## EXERCISE AIM
Where a line of the data below has the string "part", copy that line.

## WORKING DATA
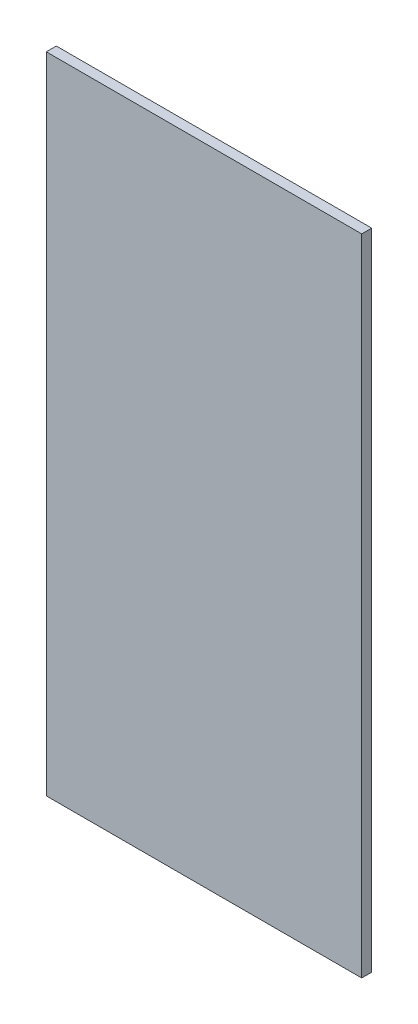
from build123d import *

# Parameters (mm, degrees)
SZKIC1_W                    = 220.27
SZKIC1_H                    = 450
DODANIE_WYCI_GNI_CIE1_DEPTH = 7


with BuildPart() as part:
    # Szkic1 → Dodanie-wyciągnięcie1 (new body)
    with BuildSketch(Plane.XY):
        with Locations((110.135, 225)):
            Rectangle(SZKIC1_W, SZKIC1_H)
    extrude(amount=DODANIE_WYCI_GNI_CIE1_DEPTH)


solid = part.part

## COMPLETED EXERCISE
with BuildPart() as part:
solid = part.part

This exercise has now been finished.